• **Task statement**
From the top of the records below, return each line exactly, ending with the line that contains "xy2 : Inport".

• **Raw data**
# # # # #

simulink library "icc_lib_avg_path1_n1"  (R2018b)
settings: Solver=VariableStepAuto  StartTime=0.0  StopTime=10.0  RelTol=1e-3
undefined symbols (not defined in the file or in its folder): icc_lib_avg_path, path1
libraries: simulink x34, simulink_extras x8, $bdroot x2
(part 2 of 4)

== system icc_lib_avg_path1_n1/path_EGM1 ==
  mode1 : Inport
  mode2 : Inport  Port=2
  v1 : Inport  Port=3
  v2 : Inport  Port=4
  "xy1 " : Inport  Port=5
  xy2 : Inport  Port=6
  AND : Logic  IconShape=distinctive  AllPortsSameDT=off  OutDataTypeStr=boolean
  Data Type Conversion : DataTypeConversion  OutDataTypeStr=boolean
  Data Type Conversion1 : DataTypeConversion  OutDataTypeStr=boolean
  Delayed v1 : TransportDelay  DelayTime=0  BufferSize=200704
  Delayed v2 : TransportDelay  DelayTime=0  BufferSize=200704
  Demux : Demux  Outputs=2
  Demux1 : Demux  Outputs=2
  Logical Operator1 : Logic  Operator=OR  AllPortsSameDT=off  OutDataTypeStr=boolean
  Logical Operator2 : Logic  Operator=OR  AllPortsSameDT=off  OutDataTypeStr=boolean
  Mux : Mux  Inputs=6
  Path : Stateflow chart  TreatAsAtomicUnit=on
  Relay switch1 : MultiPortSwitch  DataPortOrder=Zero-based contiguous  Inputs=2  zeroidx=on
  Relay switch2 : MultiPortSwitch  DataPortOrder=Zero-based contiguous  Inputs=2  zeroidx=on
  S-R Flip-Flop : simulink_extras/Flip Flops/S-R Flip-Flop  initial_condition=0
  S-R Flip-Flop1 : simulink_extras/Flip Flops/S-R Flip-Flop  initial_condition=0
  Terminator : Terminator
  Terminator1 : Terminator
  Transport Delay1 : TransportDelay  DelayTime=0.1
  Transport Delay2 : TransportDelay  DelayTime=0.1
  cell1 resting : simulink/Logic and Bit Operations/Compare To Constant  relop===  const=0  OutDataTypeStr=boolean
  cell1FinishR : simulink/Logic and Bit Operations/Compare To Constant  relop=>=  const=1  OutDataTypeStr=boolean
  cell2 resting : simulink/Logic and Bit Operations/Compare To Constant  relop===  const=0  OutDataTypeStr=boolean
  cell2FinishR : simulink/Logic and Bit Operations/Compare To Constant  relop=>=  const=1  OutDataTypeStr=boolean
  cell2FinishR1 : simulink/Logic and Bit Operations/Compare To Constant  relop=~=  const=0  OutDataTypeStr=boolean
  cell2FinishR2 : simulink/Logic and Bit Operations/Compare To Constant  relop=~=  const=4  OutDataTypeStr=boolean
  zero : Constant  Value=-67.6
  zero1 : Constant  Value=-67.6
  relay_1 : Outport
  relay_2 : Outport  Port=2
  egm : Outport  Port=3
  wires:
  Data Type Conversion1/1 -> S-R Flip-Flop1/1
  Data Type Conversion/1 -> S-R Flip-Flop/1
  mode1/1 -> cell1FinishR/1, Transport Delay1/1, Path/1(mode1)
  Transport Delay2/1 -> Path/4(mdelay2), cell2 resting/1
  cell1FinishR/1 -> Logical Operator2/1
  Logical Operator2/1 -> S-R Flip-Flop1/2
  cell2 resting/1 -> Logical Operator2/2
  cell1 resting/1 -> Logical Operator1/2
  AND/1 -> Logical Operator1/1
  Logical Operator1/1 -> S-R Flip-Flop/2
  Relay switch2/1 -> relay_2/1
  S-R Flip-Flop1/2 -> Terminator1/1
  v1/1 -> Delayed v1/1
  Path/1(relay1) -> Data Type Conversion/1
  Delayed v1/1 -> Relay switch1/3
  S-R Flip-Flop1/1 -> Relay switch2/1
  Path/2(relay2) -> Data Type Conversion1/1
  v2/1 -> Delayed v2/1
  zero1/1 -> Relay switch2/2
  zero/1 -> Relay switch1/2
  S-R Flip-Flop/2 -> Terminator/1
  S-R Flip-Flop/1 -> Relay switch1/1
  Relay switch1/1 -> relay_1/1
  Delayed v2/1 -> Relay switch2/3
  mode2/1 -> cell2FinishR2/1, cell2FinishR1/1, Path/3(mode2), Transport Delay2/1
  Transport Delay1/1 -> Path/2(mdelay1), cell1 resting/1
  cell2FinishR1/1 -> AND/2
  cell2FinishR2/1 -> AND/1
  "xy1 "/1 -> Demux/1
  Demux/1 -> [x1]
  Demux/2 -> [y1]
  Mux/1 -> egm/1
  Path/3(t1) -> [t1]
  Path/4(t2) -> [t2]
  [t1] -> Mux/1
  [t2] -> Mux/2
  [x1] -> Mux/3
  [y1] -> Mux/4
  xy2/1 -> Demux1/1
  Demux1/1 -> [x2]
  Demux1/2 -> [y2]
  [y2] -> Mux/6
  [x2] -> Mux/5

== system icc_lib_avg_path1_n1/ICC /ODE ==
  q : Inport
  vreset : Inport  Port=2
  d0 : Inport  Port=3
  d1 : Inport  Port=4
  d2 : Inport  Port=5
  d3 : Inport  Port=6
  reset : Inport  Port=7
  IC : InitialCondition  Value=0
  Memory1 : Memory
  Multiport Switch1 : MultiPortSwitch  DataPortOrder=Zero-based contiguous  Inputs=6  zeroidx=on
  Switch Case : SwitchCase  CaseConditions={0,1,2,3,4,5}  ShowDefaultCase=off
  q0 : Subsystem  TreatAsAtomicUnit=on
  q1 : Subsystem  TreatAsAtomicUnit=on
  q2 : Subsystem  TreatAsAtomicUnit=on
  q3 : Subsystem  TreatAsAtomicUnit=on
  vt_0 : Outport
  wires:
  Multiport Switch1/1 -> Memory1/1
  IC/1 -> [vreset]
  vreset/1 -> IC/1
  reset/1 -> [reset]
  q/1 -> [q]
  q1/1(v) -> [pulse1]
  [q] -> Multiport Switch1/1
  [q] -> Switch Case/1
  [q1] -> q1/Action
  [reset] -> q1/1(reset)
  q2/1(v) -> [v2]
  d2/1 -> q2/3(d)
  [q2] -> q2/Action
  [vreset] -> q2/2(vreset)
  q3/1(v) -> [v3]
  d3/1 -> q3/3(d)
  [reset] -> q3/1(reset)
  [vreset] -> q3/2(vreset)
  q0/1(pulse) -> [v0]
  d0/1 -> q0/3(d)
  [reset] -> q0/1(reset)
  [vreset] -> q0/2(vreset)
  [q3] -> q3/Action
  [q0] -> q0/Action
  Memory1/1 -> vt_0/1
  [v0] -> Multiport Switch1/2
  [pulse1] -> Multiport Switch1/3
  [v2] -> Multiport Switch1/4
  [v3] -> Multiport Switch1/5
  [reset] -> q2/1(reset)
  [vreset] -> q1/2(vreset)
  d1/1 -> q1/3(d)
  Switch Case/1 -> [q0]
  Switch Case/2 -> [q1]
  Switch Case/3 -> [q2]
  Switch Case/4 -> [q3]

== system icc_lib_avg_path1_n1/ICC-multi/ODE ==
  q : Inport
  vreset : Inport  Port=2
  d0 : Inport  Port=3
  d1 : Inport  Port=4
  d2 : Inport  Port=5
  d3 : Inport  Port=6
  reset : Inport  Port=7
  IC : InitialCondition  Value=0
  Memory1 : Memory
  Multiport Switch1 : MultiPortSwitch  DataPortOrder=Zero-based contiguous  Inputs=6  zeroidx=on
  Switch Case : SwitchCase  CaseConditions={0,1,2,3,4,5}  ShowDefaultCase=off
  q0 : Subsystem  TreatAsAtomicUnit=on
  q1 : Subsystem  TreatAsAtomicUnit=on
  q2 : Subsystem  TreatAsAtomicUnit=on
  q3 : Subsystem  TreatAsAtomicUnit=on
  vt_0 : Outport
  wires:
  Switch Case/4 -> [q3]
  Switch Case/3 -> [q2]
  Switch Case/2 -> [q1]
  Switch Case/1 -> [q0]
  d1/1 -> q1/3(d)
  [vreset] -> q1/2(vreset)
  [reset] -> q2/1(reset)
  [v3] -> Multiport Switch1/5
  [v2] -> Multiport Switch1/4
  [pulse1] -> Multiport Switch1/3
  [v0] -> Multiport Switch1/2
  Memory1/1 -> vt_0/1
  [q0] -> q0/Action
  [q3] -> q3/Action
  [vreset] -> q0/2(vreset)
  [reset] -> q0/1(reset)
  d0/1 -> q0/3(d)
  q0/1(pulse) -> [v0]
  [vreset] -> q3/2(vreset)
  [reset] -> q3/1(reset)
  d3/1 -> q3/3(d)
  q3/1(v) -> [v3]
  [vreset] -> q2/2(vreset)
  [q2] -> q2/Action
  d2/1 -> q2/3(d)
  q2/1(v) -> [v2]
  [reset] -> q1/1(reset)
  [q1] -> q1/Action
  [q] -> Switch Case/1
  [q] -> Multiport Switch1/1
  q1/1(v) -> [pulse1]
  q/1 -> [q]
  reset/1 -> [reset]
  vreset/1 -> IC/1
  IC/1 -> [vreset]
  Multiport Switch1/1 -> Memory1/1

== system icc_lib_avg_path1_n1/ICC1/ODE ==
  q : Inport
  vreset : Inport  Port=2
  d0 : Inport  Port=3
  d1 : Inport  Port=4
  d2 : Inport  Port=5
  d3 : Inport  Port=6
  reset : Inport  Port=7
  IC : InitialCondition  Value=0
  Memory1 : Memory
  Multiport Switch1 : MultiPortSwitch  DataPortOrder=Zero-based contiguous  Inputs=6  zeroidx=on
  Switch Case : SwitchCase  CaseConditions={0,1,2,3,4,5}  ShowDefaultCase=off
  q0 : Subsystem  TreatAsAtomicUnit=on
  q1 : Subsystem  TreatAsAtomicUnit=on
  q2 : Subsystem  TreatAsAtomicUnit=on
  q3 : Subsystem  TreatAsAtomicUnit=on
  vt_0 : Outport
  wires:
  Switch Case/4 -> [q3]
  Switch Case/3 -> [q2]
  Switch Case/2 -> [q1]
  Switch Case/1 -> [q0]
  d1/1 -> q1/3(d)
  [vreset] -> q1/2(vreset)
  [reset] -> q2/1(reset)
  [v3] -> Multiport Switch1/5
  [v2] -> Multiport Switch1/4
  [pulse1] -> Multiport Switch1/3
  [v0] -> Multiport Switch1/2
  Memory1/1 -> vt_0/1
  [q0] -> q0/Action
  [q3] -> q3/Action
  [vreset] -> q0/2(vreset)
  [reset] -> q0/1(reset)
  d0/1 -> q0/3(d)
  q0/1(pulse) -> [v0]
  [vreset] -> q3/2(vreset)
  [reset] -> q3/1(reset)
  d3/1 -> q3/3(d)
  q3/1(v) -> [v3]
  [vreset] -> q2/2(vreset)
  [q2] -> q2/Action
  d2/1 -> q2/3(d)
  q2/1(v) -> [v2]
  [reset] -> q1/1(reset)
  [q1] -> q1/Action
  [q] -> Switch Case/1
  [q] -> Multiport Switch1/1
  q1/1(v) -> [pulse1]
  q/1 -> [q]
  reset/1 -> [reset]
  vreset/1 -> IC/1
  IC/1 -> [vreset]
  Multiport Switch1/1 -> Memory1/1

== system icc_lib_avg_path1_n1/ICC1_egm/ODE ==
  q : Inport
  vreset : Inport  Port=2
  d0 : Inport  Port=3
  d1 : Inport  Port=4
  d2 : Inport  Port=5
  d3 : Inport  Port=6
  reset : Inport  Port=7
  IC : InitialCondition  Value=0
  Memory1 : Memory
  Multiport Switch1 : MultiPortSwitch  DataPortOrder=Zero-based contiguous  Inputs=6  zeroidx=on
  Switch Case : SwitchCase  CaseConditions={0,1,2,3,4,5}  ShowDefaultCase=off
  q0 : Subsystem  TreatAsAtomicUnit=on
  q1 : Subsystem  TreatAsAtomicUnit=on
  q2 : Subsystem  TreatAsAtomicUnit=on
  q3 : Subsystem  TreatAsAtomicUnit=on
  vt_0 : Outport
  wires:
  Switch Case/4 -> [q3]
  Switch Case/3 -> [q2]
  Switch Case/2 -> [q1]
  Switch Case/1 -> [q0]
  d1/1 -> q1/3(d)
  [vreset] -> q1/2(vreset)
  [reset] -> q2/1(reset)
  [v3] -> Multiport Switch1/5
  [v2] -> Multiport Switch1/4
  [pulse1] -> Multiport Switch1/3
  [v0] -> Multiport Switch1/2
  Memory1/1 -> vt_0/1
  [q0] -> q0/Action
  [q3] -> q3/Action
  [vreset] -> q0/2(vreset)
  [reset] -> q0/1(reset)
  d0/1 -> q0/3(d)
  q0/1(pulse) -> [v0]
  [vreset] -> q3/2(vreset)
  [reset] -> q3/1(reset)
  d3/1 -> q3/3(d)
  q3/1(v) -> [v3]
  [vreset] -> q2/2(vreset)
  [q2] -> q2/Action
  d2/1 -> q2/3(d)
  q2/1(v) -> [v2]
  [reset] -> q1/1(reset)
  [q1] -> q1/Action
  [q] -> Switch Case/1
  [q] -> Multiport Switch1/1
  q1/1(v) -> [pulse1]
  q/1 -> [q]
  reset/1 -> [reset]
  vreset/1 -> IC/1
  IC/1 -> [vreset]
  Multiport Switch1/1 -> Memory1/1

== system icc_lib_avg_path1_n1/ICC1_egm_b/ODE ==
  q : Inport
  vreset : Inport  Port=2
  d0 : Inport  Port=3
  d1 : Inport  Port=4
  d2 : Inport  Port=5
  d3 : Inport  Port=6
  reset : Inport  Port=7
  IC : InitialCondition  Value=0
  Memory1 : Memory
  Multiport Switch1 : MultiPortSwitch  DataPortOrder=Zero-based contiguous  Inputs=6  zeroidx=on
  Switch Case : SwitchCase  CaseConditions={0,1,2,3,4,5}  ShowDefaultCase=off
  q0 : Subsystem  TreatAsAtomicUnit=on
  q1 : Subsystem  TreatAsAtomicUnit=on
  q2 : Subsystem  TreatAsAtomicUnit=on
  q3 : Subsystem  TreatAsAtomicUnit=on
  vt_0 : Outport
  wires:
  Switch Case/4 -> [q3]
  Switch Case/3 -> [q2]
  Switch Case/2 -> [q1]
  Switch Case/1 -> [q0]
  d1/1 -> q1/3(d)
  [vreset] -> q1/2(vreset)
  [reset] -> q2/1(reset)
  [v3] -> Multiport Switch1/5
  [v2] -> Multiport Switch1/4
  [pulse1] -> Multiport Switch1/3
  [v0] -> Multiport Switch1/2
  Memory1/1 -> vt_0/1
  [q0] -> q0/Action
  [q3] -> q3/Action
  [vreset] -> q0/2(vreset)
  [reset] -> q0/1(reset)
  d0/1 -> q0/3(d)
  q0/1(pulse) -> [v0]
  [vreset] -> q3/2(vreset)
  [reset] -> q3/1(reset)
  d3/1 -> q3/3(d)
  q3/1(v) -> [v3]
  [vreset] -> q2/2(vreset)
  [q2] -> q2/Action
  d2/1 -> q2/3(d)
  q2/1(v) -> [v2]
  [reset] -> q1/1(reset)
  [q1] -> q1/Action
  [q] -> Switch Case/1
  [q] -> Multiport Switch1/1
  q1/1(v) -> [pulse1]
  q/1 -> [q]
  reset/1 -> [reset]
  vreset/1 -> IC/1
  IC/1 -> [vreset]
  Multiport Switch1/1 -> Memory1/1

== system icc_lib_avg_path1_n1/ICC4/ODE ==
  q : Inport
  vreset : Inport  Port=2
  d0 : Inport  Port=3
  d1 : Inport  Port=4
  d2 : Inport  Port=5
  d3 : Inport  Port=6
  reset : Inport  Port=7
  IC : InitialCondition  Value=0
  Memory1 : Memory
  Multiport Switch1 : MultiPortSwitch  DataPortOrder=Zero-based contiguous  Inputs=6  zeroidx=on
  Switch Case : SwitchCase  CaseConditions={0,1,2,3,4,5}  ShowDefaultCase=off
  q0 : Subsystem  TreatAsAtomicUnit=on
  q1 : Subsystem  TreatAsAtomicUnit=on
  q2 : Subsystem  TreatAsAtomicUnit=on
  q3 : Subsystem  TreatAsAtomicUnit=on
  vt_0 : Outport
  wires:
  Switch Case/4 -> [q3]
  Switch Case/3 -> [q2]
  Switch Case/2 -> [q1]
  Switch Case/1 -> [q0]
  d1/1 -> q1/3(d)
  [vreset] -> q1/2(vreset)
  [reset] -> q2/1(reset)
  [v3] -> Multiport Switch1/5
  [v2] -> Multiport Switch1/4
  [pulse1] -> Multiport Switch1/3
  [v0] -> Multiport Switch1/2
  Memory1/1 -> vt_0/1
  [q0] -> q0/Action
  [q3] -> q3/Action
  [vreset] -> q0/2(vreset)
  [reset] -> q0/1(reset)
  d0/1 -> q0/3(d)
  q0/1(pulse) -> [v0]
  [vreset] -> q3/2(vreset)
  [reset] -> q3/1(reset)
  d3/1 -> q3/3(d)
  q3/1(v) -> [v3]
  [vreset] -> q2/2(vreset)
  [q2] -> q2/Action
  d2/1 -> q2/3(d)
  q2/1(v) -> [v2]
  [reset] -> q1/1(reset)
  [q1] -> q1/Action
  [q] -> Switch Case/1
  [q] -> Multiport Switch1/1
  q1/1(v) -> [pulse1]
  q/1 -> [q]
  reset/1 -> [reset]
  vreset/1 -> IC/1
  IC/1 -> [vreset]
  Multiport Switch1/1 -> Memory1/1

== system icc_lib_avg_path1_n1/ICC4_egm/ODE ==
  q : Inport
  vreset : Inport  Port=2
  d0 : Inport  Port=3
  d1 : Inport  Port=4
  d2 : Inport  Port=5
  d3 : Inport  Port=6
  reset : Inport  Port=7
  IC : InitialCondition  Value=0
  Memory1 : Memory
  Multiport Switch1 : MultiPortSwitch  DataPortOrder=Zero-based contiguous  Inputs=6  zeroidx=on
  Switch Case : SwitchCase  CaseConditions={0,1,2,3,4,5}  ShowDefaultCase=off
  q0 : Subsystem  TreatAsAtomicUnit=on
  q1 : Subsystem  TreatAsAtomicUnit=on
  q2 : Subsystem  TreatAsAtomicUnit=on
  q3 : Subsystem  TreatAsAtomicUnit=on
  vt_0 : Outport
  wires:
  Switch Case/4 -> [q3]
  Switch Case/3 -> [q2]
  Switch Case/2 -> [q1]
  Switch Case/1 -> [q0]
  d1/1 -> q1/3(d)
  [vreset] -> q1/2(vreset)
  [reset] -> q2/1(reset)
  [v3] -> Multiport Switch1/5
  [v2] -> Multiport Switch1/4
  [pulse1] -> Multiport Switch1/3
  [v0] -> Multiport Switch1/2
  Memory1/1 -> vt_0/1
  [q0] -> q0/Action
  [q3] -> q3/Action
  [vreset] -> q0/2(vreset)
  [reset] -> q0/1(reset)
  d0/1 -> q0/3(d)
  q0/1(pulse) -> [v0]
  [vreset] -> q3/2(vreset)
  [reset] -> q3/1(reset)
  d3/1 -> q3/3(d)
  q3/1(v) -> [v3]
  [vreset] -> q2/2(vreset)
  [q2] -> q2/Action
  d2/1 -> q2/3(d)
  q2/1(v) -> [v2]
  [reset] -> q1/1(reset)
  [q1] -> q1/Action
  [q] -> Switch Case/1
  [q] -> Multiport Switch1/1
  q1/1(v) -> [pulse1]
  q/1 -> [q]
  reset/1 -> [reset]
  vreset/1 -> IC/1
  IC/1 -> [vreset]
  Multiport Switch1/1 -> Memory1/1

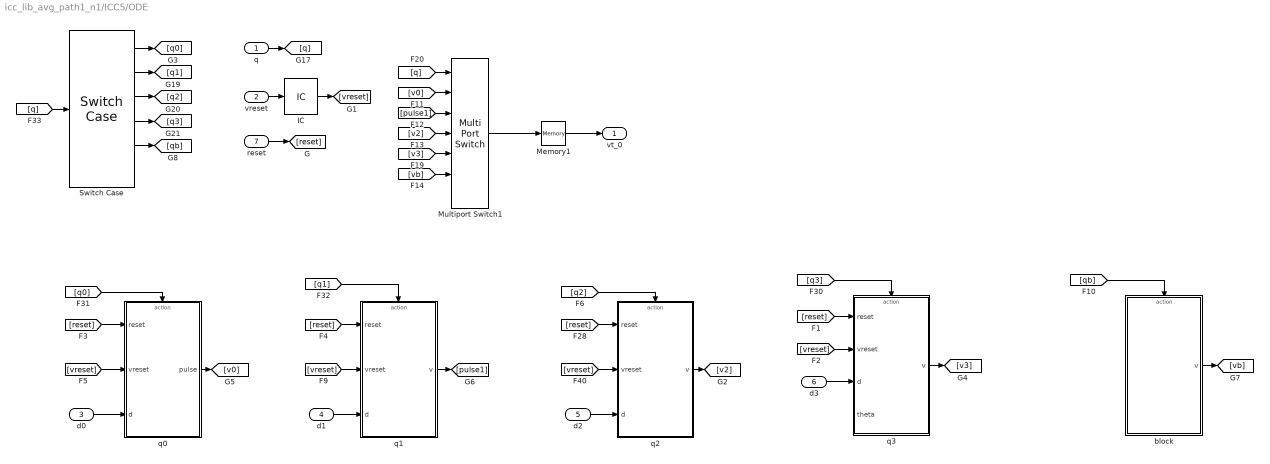
== system icc_lib_avg_path1_n1/ICC5/ODE ==
  q : Inport
  vreset : Inport  Port=2
  d0 : Inport  Port=3
  d1 : Inport  Port=4
  d2 : Inport  Port=5
  d3 : Inport  Port=6
  reset : Inport  Port=7
  IC : InitialCondition  Value=0
  Memory1 : Memory
  Multiport Switch1 : MultiPortSwitch  DataPortOrder=Zero-based contiguous  Inputs=6  zeroidx=on
  Switch Case : SwitchCase  CaseConditions={0,1,2,3,4,5}  ShowDefaultCase=off
  block : Subsystem  TreatAsAtomicUnit=on
  q0 : Subsystem  TreatAsAtomicUnit=on
  q1 : Subsystem  TreatAsAtomicUnit=on
  q2 : Subsystem  TreatAsAtomicUnit=on
  q3 : Subsystem  TreatAsAtomicUnit=on
  vt_0 : Outport
  wires:
  Switch Case/4 -> [q3]
  Switch Case/3 -> [q2]
  Switch Case/2 -> [q1]
  Switch Case/1 -> [q0]
  d1/1 -> q1/3(d)
  [vreset] -> q1/2(vreset)
  [reset] -> q2/1(reset)
  [v3] -> Multiport Switch1/5
  [v2] -> Multiport Switch1/4
  [pulse1] -> Multiport Switch1/3
  [v0] -> Multiport Switch1/2
  Memory1/1 -> vt_0/1
  [q0] -> q0/Action
  [q3] -> q3/Action
  [vreset] -> q0/2(vreset)
  [reset] -> q0/1(reset)
  d0/1 -> q0/3(d)
  q0/1(pulse) -> [v0]
  [vreset] -> q3/2(vreset)
  [reset] -> q3/1(reset)
  d3/1 -> q3/3(d)
  q3/1(v) -> [v3]
  [vreset] -> q2/2(vreset)
  [q2] -> q2/Action
  d2/1 -> q2/3(d)
  q2/1(v) -> [v2]
  [reset] -> q1/1(reset)
  [q1] -> q1/Action
  [q] -> Switch Case/1
  [q] -> Multiport Switch1/1
  q1/1(v) -> [pulse1]
  q/1 -> [q]
  reset/1 -> [reset]
  vreset/1 -> IC/1
  IC/1 -> [vreset]
  Multiport Switch1/1 -> Memory1/1
  [qb] -> block/Action
  block/1(v) -> [vb]
  Switch Case/5 -> [qb]
  [vb] -> Multiport Switch1/6

== system icc_lib_avg_path1_n1/ICC5_egm/ODE ==
  q : Inport
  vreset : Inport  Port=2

# # # # #

• **Exercise solution**
simulink library "icc_lib_avg_path1_n1"  (R2018b)
settings: Solver=VariableStepAuto  StartTime=0.0  StopTime=10.0  RelTol=1e-3
undefined symbols (not defined in the file or in its folder): icc_lib_avg_path, path1
libraries: simulink x34, simulink_extras x8, $bdroot x2
(part 2 of 4)

== system icc_lib_avg_path1_n1/path_EGM1 ==
  mode1 : Inport
  mode2 : Inport  Port=2
  v1 : Inport  Port=3
  v2 : Inport  Port=4
  "xy1 " : Inport  Port=5
  xy2 : Inport  Port=6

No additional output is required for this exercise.